DATA EXCERPTS:
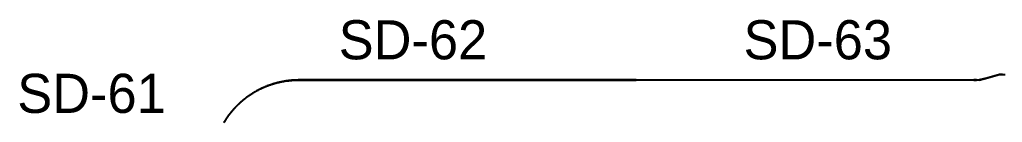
# Model space of a CAD drawing. Header units: metres. Extents: x 0.2 to 42.3, y 0.9 to 39.
# Drawn here: x 0.24 to 9.27, y 22.04 to 22.99 of the extents above; entities that cross this region are included whole.
import ezdxf

# ---------------------------------------------------------------- set-up
doc = ezdxf.new("R2010")
doc.units = ezdxf.units.M
doc.layers.add('BSA_BRANCH_LABEL', color=3, linetype='Continuous')
doc.layers.add('BSA_MATERIAL_SECTION', color=7, linetype='Continuous')

msp = doc.modelspace()

# ---------------------------------------------------------------- linework, layer by layer
at = {"layer": 'BSA_MATERIAL_SECTION'}
for p, q in [((2.5646, 22.3941), (2.5673, 22.3949)), ((2.5676, 22.3942), (2.5649, 22.3933)), ((2.57, 22.3957), (2.5673, 22.3949)), ((2.5676, 22.3942), (2.5703, 22.395)), ((2.57, 22.3957), (2.5727, 22.3965)), ((2.573, 22.3958), (2.5703, 22.395)), ((2.5754, 22.3973), (2.5727, 22.3965)), ((2.573, 22.3958), (2.5757, 22.3966)), ((2.5754, 22.3973), (2.5781, 22.3981)), ((2.5784, 22.3974), (2.5757, 22.3966)), ((2.5809, 22.3989), (2.5781, 22.3981)), ((2.5784, 22.3974), (2.5811, 22.3981)), ((2.5809, 22.3989), (2.5836, 22.3997)), ((2.5838, 22.3989), (2.5811, 22.3981)), ((2.5836, 22.3997), (2.5863, 22.4004)), ((2.5838, 22.3989), (2.5865, 22.3997)), ((2.589, 22.4012), (2.5863, 22.4004)), ((2.5892, 22.4004), (2.5865, 22.3997)), ((2.5917, 22.4019), (2.589, 22.4012)), ((2.5892, 22.4004), (2.5919, 22.4012)), ((2.5917, 22.4019), (2.5944, 22.4027)), ((2.5947, 22.4019), (2.5919, 22.4012)), ((2.5944, 22.4027), (2.5972, 22.4034)), ((2.5947, 22.4019), (2.5974, 22.4026)), ((2.5999, 22.4041), (2.5972, 22.4034)), ((2.6001, 22.4033), (2.5974, 22.4026)), ((2.6026, 22.4048), (2.5999, 22.4041)), ((2.6001, 22.4033), (2.6028, 22.404)), ((2.6026, 22.4048), (2.6054, 22.4055)), ((2.6056, 22.4047), (2.6028, 22.404)), ((2.6081, 22.4062), (2.6054, 22.4055)), ((2.6056, 22.4047), (2.6083, 22.4054)), ((2.6081, 22.4062), (2.6108, 22.4069)), ((2.611, 22.4061), (2.6083, 22.4054)), ((2.6136, 22.4075), (2.6108, 22.4069)), ((2.611, 22.4061), (2.6138, 22.4067)), ((2.6136, 22.4075), (2.6163, 22.4082)), ((2.6165, 22.4074), (2.6138, 22.4067)), ((2.6163, 22.4082), (2.6191, 22.4088)), ((2.6165, 22.4074), (2.6193, 22.408)), ((2.6218, 22.4094), (2.6191, 22.4088)), ((2.622, 22.4087), (2.6193, 22.408)), ((2.6246, 22.4101), (2.6218, 22.4094)), ((2.622, 22.4087), (2.6247, 22.4093)), ((2.6246, 22.4101), (2.6273, 22.4107)), ((2.6275, 22.4099), (2.6247, 22.4093)), ((2.6301, 22.4113), (2.6273, 22.4107)), ((2.6275, 22.4099), (2.6302, 22.4105)), ((2.6301, 22.4113), (2.6328, 22.4119)), ((2.633, 22.4111), (2.6302, 22.4105)), ((2.6328, 22.4119), (2.6356, 22.4125)), ((2.633, 22.4111), (2.6358, 22.4117)), ((2.6384, 22.4131), (2.6356, 22.4125)), ((2.6385, 22.4123), (2.6358, 22.4117)), ((2.6411, 22.4136), (2.6384, 22.4131)), ((2.6385, 22.4123), (2.6413, 22.4128)), ((2.6411, 22.4136), (2.6439, 22.4142)), ((2.644, 22.4134), (2.6413, 22.4128)), ((2.6466, 22.4147), (2.6439, 22.4142)), ((2.644, 22.4134), (2.6468, 22.4139)), ((2.6466, 22.4147), (2.6494, 22.4153)), ((2.6496, 22.4145), (2.6468, 22.4139)), ((2.6494, 22.4153), (2.6522, 22.4158)), ((2.6496, 22.4145), (2.6523, 22.415)), ((2.655, 22.4163), (2.6522, 22.4158)), ((2.6551, 22.4155), (2.6523, 22.415)), ((2.6577, 22.4168), (2.655, 22.4163)), ((2.6579, 22.416), (2.6551, 22.4155)), ((2.6577, 22.4168), (2.6605, 22.4173)), ((2.6579, 22.416), (2.6606, 22.4165)), ((2.6633, 22.4178), (2.6605, 22.4173)), ((2.6606, 22.4165), (2.6634, 22.417)), ((2.6633, 22.4178), (2.6661, 22.4183)), ((2.6662, 22.4175), (2.6634, 22.417)), ((2.6688, 22.4188), (2.6661, 22.4183)), ((2.6662, 22.4175), (2.669, 22.418)), ((2.6688, 22.4188), (2.6716, 22.4192)), ((2.6718, 22.4184), (2.669, 22.418)), ((2.6744, 22.4197), (2.6716, 22.4192)), ((2.6718, 22.4184), (2.6745, 22.4189)), ((2.6744, 22.4197), (2.6772, 22.4201)), ((2.6773, 22.4193), (2.6745, 22.4189)), ((2.68, 22.4205), (2.6772, 22.4201)), ((2.6773, 22.4193), (2.6801, 22.4197)), ((2.68, 22.4205), (2.6828, 22.421)), ((2.6829, 22.4202), (2.6801, 22.4197)), ((2.6856, 22.4214), (2.6828, 22.421)), ((2.6829, 22.4202), (2.6857, 22.4206)), ((2.6856, 22.4214), (2.6884, 22.4218)), ((2.6885, 22.421), (2.6857, 22.4206)), ((2.6912, 22.4222), (2.6884, 22.4218)), ((2.6885, 22.421), (2.6913, 22.4214)), ((2.6912, 22.4222), (2.6939, 22.4225)), ((2.6941, 22.4218), (2.6913, 22.4214)), ((2.6967, 22.4229), (2.6939, 22.4225)), ((2.6941, 22.4218), (2.6968, 22.4221)), ((2.6967, 22.4229), (2.6995, 22.4233)), ((2.6996, 22.4225), (2.6968, 22.4221)), ((2.7023, 22.4236), (2.6995, 22.4233)), ((2.6996, 22.4225), (2.7024, 22.4228)), ((2.7023, 22.4236), (2.7051, 22.424)), ((2.7052, 22.4232), (2.7024, 22.4228)), ((2.7079, 22.4243), (2.7051, 22.424)), ((2.7052, 22.4232), (2.708, 22.4235)), ((2.7079, 22.4243), (2.7107, 22.4246)), ((2.7108, 22.4238), (2.708, 22.4235)), ((2.7135, 22.4249), (2.7107, 22.4246)), ((2.7108, 22.4238), (2.7136, 22.4241)), ((2.7135, 22.4249), (2.7163, 22.4252)), ((2.7164, 22.4244), (2.7136, 22.4241)), ((2.7163, 22.4252), (2.7192, 22.4255)), ((2.7164, 22.4244), (2.7192, 22.4247)), ((2.722, 22.4258), (2.7192, 22.4255)), ((2.722, 22.425), (2.7192, 22.4247)), ((2.7248, 22.4261), (2.722, 22.4258)), ((2.722, 22.425), (2.7248, 22.4253)), ((2.7248, 22.4261), (2.7276, 22.4264)), ((2.7276, 22.4256), (2.7248, 22.4253)), ((2.7304, 22.4266), (2.7276, 22.4264)), ((2.7276, 22.4256), (2.7305, 22.4258)), ((2.7304, 22.4266), (2.7332, 22.4268)), ((2.7333, 22.4261), (2.7305, 22.4258)), ((2.736, 22.4271), (2.7332, 22.4268)), ((2.7333, 22.4261), (2.7361, 22.4263)), ((2.736, 22.4271), (2.7388, 22.4273)), ((2.7389, 22.4265), (2.7361, 22.4263)), ((2.7416, 22.4275), (2.7388, 22.4273)), ((2.7389, 22.4265), (2.7417, 22.4267)), ((2.7416, 22.4275), (2.7444, 22.4277)), ((2.7445, 22.4269), (2.7417, 22.4267)), ((2.7444, 22.4277), (2.7473, 22.4279)), ((2.7445, 22.4269), (2.7473, 22.4271)), ((2.7501, 22.4281), (2.7473, 22.4279)), ((2.7501, 22.4273), (2.7473, 22.4271)), ((2.7529, 22.4283), (2.7501, 22.4281)), ((2.7501, 22.4273), (2.7529, 22.4275)), ((2.7529, 22.4283), (2.7557, 22.4284)), ((2.7557, 22.4276), (2.7529, 22.4275)), ((2.7585, 22.4286), (2.7557, 22.4284)), ((2.7557, 22.4276), (2.7586, 22.4278)), ((2.7585, 22.4286), (2.7613, 22.4287)), ((2.7614, 22.4279), (2.7586, 22.4278)), ((2.7641, 22.4289), (2.7613, 22.4287)), ((2.7614, 22.4279), (2.7642, 22.4281)), ((2.7641, 22.4289), (2.767, 22.429)), ((2.767, 22.4282), (2.7642, 22.4281)), ((2.7698, 22.4291), (2.767, 22.429)), ((2.767, 22.4282), (2.7698, 22.4283)), ((2.7698, 22.4291), (2.7726, 22.4292)), ((2.7726, 22.4284), (2.7698, 22.4283)), ((2.7754, 22.4293), (2.7726, 22.4292)), ((2.7726, 22.4284), (2.7754, 22.4285)), ((2.7754, 22.4293), (2.7782, 22.4294)), ((2.7783, 22.4286), (2.7754, 22.4285)), ((2.7811, 22.4295), (2.7782, 22.4294)), ((2.7783, 22.4286), (2.7811, 22.4287)), ((2.7811, 22.4295), (2.7839, 22.4295)), ((2.7839, 22.4287), (2.7811, 22.4287)), ((2.7867, 22.4296), (2.7839, 22.4295)), ((2.7839, 22.4287), (2.7867, 22.4288)), ((2.7867, 22.4296), (2.7895, 22.4296)), ((2.7895, 22.4288), (2.7867, 22.4288)), ((2.7923, 22.4297), (2.7895, 22.4296)), ((2.7895, 22.4288), (2.7923, 22.4289)), ((2.7923, 22.4297), (2.7952, 22.4297)), ((2.7952, 22.4289), (2.7923, 22.4289)), ((2.798, 22.4297), (2.7952, 22.4297)), ((2.7952, 22.4289), (2.798, 22.4289)), ((2.798, 22.4297), (2.8008, 22.4297)), ((2.8008, 22.4289), (2.798, 22.4289)), ((2.8008, 22.4293), (2.8008, 22.4297)), ((5.9025, 22.4297), (2.8008, 22.4297)), ((2.8008, 22.4297), (2.8008, 22.4293)), ((2.8008, 22.4293), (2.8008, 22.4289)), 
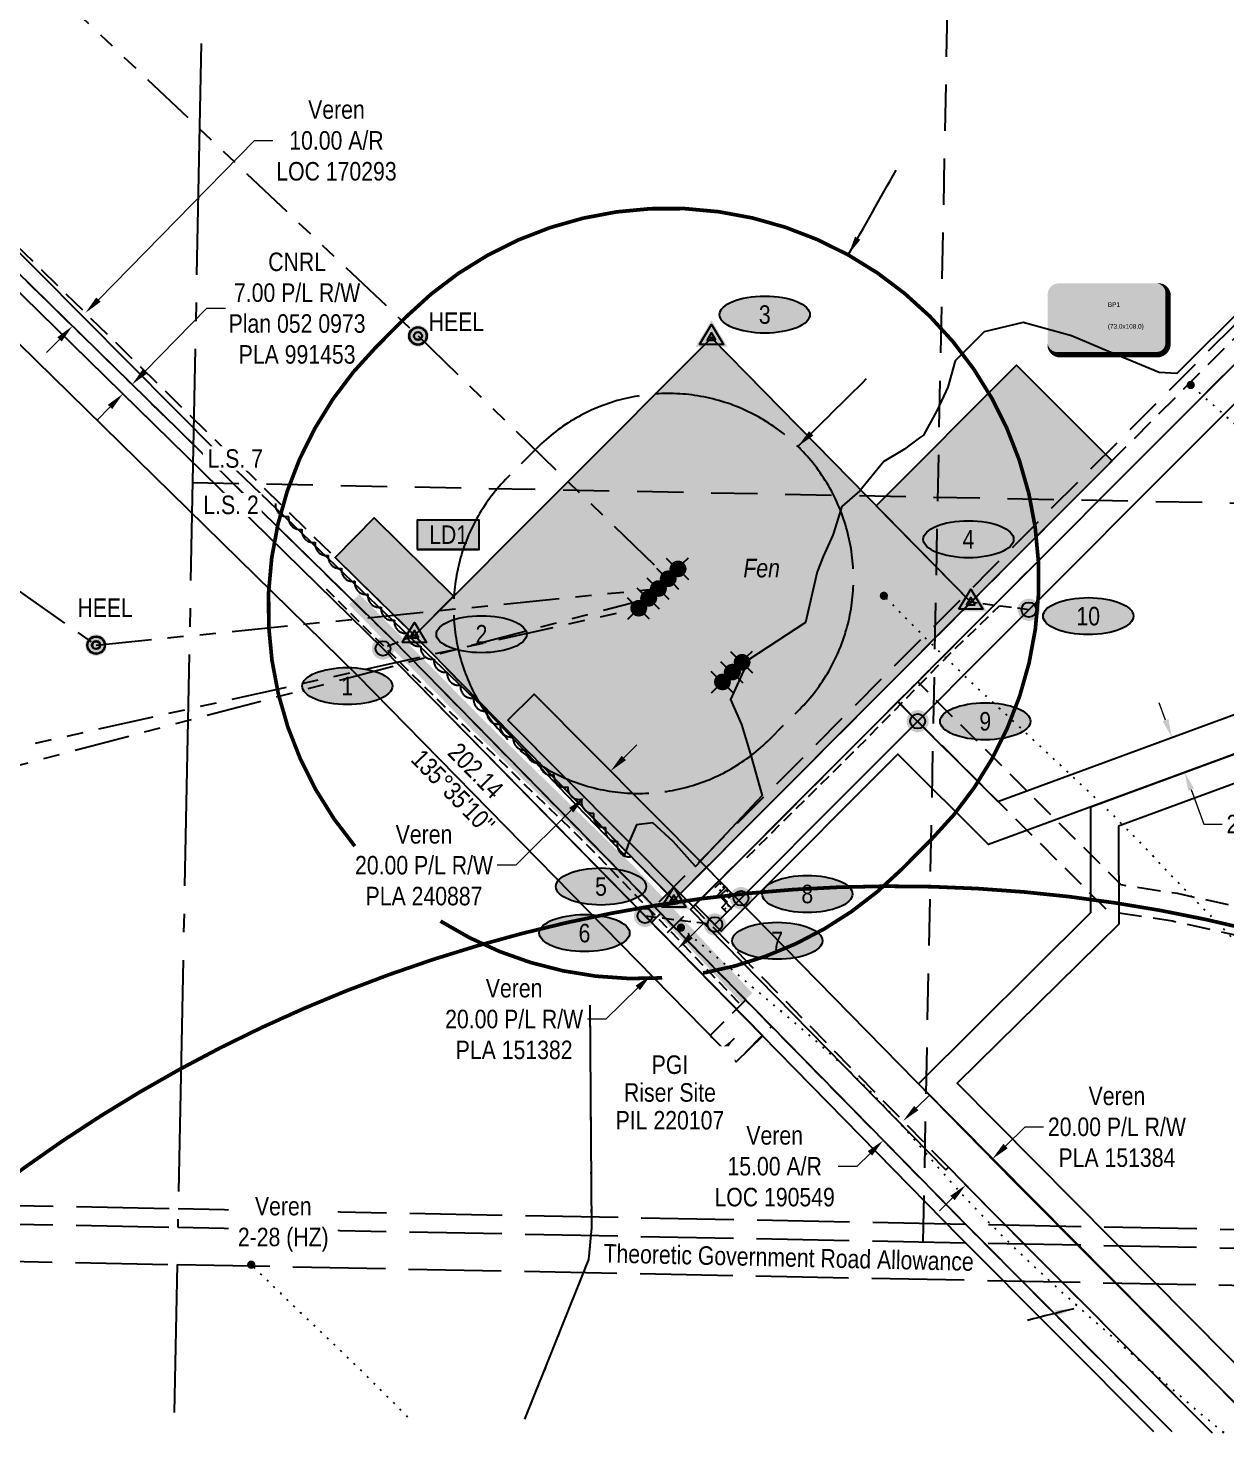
# Model space of a CAD drawing. Extents: x 398369 to 421873, y 6032457 to 6050071.
# Drawn here: x 410008 to 410655, y 6046589 to 6047353 of the extents above; entities that cross this region are included whole.
import ezdxf
from ezdxf.enums import TextEntityAlignment as Align

# ---------------------------------------------------------------- set-up
doc = ezdxf.new("R2018")
doc.units = 0
doc.header["$LTSCALE"] = 5
doc.header["$PDSIZE"] = 0.5
for name, pattern in [('0', [1, 1, 0]), ('DASHDOT2', [12.7, 6.35, -3.175, 0, -3.175]), ('foc-ACCESSROAD', [3.75, 2.5, -1.25]), ('foc-BUFFER', [16.75, 15, -1.75]), ('foc-DOT', [1, 0.2, -0.8]), ('foc-DRILLPATH', [14.75, 6, -1.75, 1.75, -1.75, 1.75, -1.75]), ('foc-LSD', [8, 5, -3]), ('foc-MONUMENT-BDYS', [6, 4, -2]), ('foc-QUARTERLINE', [33, 25, -3, 2, -3]), ('foc-TIELINE', [1.875, 1.25, -0.625]), ('foc-UNSURVEYED', [12.5, 10, -2.5]), ('foc-WHEELTRACKS', [2, 0.4, -1.6]), ('UG_PIPE', [1.875, 1.25, -0.625])]:
    doc.linetypes.add(name, pattern=pattern)
doc.layers.get('Defpoints').update_dxf_attribs({"color": 9})
for name, color, linetype in [('ABADATA-DRILL', 8, 'foc-DOT'), ('ABADATA-DRILL-T', 8, 'Continuous'), ('AS-PIPE-AG', 44, 'Continuous'), ('AS-PIPE-UG', 44, 'UG_PIPE'), ('AS-ROADS', 254, 'Continuous'), ('AS-WILDLIFE', 131, 'DASHDOT2'), ('AUX-BUFFER', 7, 'foc-BUFFER'), ('C-AR', 13, 'foc-ACCESSROAD'), ('C-RW', 13, 'Continuous'), ('DETAIL-HZ-Existing', 8, 'foc-DOT'), ('F-RW', 190, 'Continuous'), ('F-WS', 190, 'foc-ACCESSROAD'), ('L-BD', 7, 'Continuous'), ('L-MON', 1, 'Continuous'), ('L-MON-PLAN', 7, 'foc-MONUMENT-BDYS'), ('L-ROAD-T', 7, 'Continuous'), ('L-SECQ', 8, 'foc-QUARTERLINE'), ('L-SECTION-LSD', 7, 'foc-LSD'), ('L-TIE', 7, 'foc-TIELINE'), ('L-USEC', 7, 'foc-UNSURVEYED'), ('P-ELEVATION', 7, 'Continuous'), ('P-PDRILLPATH', 12, 'foc-DRILLPATH'), ('P-PROPOSED', 10, 'Continuous'), ('P-PROPOSED-H', 21, 'Continuous'), ('P-TEMP-BLOCKS', 250, 'Continuous'), ('P-TEMP-H', 41, 'Continuous'), ('P-TEMP_BORROW PIT', 46, 'Continuous'), ('P-TEMP_LOG DECK', 46, 'Continuous'), ('T-BUSH', 110, '0'), ('T-WATER-P3', 160, 'foc-WHEELTRACKS'), ('WETLAND', 143, 'Continuous'), ('WETLAND-T', 146, 'Continuous')]:
    doc.layers.add(name, color=color, linetype=linetype)
for name, color, linetype, lineweight in [('C-AR-T', 13, 'Continuous', 9), ('C-RW-T', 13, 'Continuous', 9), ('F-RW-T', 190, 'Continuous', 9)]:
    doc.layers.add(name, color=color, linetype=linetype, lineweight=lineweight)
doc.styles.add('100L', font='ARIALN.TTF', dxfattribs={"height": 11})
doc.styles.add('80', font='ARIALN.TTF', dxfattribs={"height": 10})
doc.styles.add('80CG', font='ARIALN.TTF', dxfattribs={"height": 10})
doc.styles.add('80L', font='ARIALN.TTF', dxfattribs={"height": 10})
doc.styles.add('foc-LtypeFont', font='ARIALN.TTF', dxfattribs={"height": 7.35})
doc.styles.get("Standard").update_dxf_attribs({"font": 'ARIALN.TTF'})
doc.linetypes.add('foc-TOPO-flowdirection-NOLINE', pattern='A,0,[">",foc-LtypeFont,S=0.3,R=0,X=0,Y=-0.945],-20,[">",foc-LtypeFont,S=0.3,R=0,X=0,Y=-0.945],0', length=20)
doc.dimstyles.new('CG2011', dxfattribs={"dimscale": 5, "dimtxt": 9, "dimasz": 2, "dimexe": 0.2, "dimexo": 0.0625, "dimgap": 0.5, "dimtad": 0, "dimtih": 1, "dimtoh": 1, "dimzin": 0, "dimdsep": 46, "dimtxsty": '80CG', "dimcen": 0.1, "dimse1": 1, "dimse2": 1, "dimclrd": 256, "dimclrt": 256, "dimaunit": 1, "dimadec": 4, "dimazin": 0, "dimtfac": 0.06, "dimtofl": 0, "dimtmove": 0, "dimatfit": 1, "dimfxl": 0.2, "dimtolj": 1, "dimtzin": 0, "dimlwd": -1, "dimarcsym": 0})
doc.dimstyles.new('Compass 5 000', dxfattribs={"dimscale": 5, "dimtxt": 9, "dimasz": 2, "dimexe": 0.2, "dimexo": 0.0625, "dimgap": 0.5, "dimtad": 0, "dimtih": 1, "dimtoh": 1, "dimzin": 0, "dimdsep": 46, "dimtxsty": '80CG', "dimcen": 0.1, "dimse1": 1, "dimse2": 1, "dimclrd": 256, "dimclrt": 256, "dimaunit": 1, "dimadec": 4, "dimazin": 0, "dimtfac": 0.06, "dimtofl": 0, "dimtmove": 0, "dimatfit": 1, "dimfxl": 0.2, "dimtolj": 1, "dimtzin": 0, "dimlwd": -1, "dimarcsym": 0})

# ---------------------------------------------------------------- blocks, each defined once
blk = doc.blocks.new('BH_Existing')
at = {"layer": 'DETAIL-HZ-Existing'}
h = blk.add_hatch(color=256, dxfattribs=at)
h.dxf.hatch_style = 1
edge = h.paths.add_edge_path()
edge.add_arc((0, 0), 0.45, 0, 360)
blk = doc.blocks.new('*U46')
h = blk.add_hatch(color=191)
edge = h.paths.add_edge_path()
edge.add_line((-26.5, -20), (26.5, -20))
edge.add_arc((26.5, -14), 6, 270, 360)
edge.add_line((32.5, -14), (32.5, 12.5))
edge.add_arc((26.5, 12.5), 6, 0, 90)
edge.add_line((26.5, 18.5), (-26.5, 18.5))
edge.add_arc((-26.5, 12.5), 6, 90, 180)
edge.add_line((-32.5, 12.5), (-32.5, -14))
edge.add_arc((-26.5, -14), 6, 180, 270)
at = {"color": 250, "flags": 128}
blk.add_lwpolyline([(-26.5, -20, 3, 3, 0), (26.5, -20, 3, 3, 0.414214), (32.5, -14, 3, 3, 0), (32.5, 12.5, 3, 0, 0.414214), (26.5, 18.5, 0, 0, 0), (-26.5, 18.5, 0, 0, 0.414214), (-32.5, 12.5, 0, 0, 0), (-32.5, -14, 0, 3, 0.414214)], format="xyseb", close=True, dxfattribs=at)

WHAT THE EXERCISE ASKS:
Write out, word for word, every line from the one containing "edge.add_arc((-26.5, -14), 6, 180, 270)" through the last line of the records above.

RESPONSE BOX:
edge.add_arc((-26.5, -14), 6, 180, 270)
at = {"color": 250, "flags": 128}
blk.add_lwpolyline([(-26.5, -20, 3, 3, 0), (26.5, -20, 3, 3, 0.414214), (32.5, -14, 3, 3, 0), (32.5, 12.5, 3, 0, 0.414214), (26.5, 18.5, 0, 0, 0), (-26.5, 18.5, 0, 0, 0.414214), (-32.5, 12.5, 0, 0, 0), (-32.5, -14, 0, 3, 0.414214)], format="xyseb", close=True, dxfattribs=at)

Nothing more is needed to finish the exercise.